Eu sei, eu sei, dirão vocês, meus quatro ou cinco incrédulos leitores, mas como é possível? 

Não sei, só sei que assim foi.

Em sete verões portugueses – oito se contar que cheguei em meados de um setembro – ainda não havia mergulhado de corpo inteiro numa praia portuguesa. Nunca cheguei nem perto disso, para ser sincero. O máximo que submergi foi até à cintura, mas quando a linha d’água me cumprimentou as partes sensíveis com o seu glaciar toque, bati em retirada.
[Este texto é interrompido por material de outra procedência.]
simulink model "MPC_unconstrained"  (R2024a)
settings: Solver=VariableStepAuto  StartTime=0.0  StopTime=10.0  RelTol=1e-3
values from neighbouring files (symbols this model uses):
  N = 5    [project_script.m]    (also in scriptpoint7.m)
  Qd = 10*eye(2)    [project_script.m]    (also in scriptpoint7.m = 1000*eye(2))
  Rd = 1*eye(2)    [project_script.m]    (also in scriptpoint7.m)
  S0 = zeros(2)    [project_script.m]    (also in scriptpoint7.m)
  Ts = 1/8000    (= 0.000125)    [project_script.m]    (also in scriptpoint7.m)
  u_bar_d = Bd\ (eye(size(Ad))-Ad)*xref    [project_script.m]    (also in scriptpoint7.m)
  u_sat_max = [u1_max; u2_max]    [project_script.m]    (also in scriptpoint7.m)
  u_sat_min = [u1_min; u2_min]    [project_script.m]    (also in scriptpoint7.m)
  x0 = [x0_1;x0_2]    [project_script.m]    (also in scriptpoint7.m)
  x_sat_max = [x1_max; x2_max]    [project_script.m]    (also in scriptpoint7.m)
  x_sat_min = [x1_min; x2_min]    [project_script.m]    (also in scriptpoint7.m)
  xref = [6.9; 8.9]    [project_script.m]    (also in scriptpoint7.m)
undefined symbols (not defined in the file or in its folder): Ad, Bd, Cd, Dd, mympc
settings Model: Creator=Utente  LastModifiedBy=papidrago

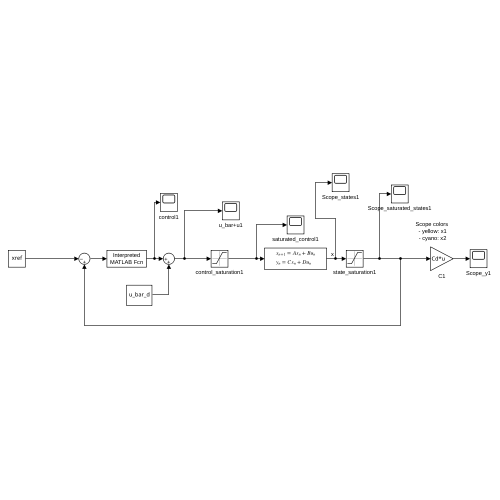
[thumbnail: Simulink's stored preview of the top-level diagram]
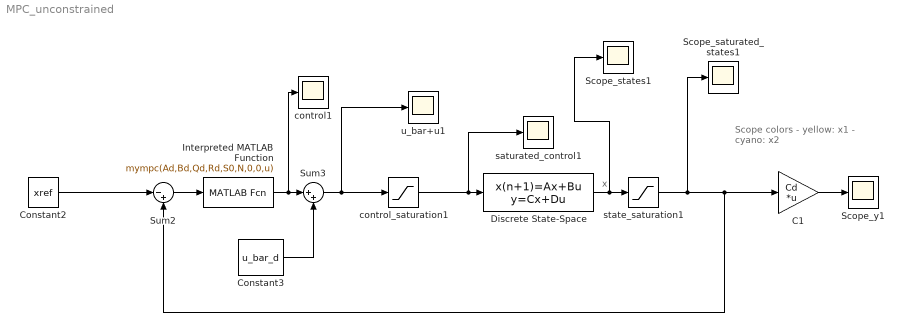
== system MPC_unconstrained ==
  note: x
  note: Scope colors
      | - yellow: x1
      | - cyano: x2
  C1 : Gain  Gain=Cd  Multiplication=Matrix(K*u)
  Constant2 : Constant  Value=xref  SampleTime=Ts
  Constant3 : Constant  Value=u_bar_d  SampleTime=Ts
  Discrete State-Space : DiscreteStateSpace  A=Ad  B=Bd  C=Cd  D=Dd  InitialCondition=x0  SampleTime=Ts
  Interpreted MATLAB Function : MATLABFcn  MATLABFcn=mympc(Ad,Bd,Qd,Rd,S0,N,0,0,u)
  Scope_saturated_states1 : Scope
  Scope_states1 : Scope
  Scope_y1 : Scope
  Sum2 : Sum  Inputs=|-+
  Sum3 : Sum  Inputs=|++
  control1 : Scope
  control_saturation1 : Saturate  UpperLimit=u_sat_max  LowerLimit=u_sat_min
  saturated_control1 : Scope
  state_saturation1 : Saturate  UpperLimit=x_sat_max  LowerLimit=x_sat_min
  u_bar+u1 : Scope
  wires:
  Sum3/1 -> control_saturation1/1, u_bar+u1/1
  control_saturation1/1 -> saturated_control1/1, Discrete State-Space/1
  C1/1 -> Scope_y1/1
  Constant2/1 -> Sum2/1
  Discrete State-Space/1 -> Scope_states1/1, state_saturation1/1
  Constant3/1 -> Sum3/2
  state_saturation1/1 -> Sum2/2, C1/1, Scope_saturated_states1/1
  Sum2/1 -> Interpreted MATLAB Function/1
  Interpreted MATLAB Function/1 -> control1/1, Sum3/1

Mais do que uma vitória pessoal, o banho de mar total numa praia portuguesa foi uma epifania. Só agora percebi o simbolismo de mergulhar a cabeça do bebé na água durante o batismo, quando era mais fácil o padre enfiar os pés do menino aos prantos na pia de pedra. É que o mergulho de cabeça tem a sua pedagogia, a sua mística, o seu milagre.

Assim, nas calmas águas de Sesimbra, senti que mergulhei de cabeça num segundo batismo.

E tive a certeza de que foi naquele instante, e não quando recebi a carta da conservatória, que realmente virei português.

Não foi uma tarefa fácil e rápida, é bom que se diga. Qualquer nascimento pede a sua gestação e entre o primeiro contato com a água e a imersão total levaram-se quarenta e cinco minutos. Um tempo de uma partida de futebol para virar o jogo, para voltar do intervalo do confronto entre eu e comigo mesmo, um outro homem, refrescado e confiante. 

Sentia-me, por fim, completo, livre, sem amarras.

O caminho até a redenção, porém, é feito de provações e também de humilhações. Enquanto avançava a cinco minutos por centímetro mar adentro em curtos pulinhos, um velhinho aproximou-se lépido de mim. Era um homem atarracado, com seus oitenta anos, os olhos espremidos num rosto oval, onde surgiu um simpático sorriso enquadrado por rugas.

— Força, rapaz! — disse, num misto de comando e incentivo.

Como não reagi à ordem dele, resolveu mostrar como se faz. Com a experiência de oitenta verões em praias portuguesas, o velhinho agachou-se e usou as palmas da mão para banhar o próprio corpo, molhando os braços, o tórax e as costas. Devidamente, aclimatado, mergulhou de uma só vez, desaparecendo sob a água, para emergir dois metros adiante, vitorioso.

Nem Hemingway sonharia com esse velho, nesse mar.

Agora, quem se sentia um octogenário era eu, com meus ridículos pulinhos, entre caretas a cada vez que a água tocava uma parte ainda seca do meu corpo. Mais à frente, flutuando com a barriga branca de um cachalote para cima, o velhinho me observava com um olhar triste de quem sabia estar diante de um caso perdido.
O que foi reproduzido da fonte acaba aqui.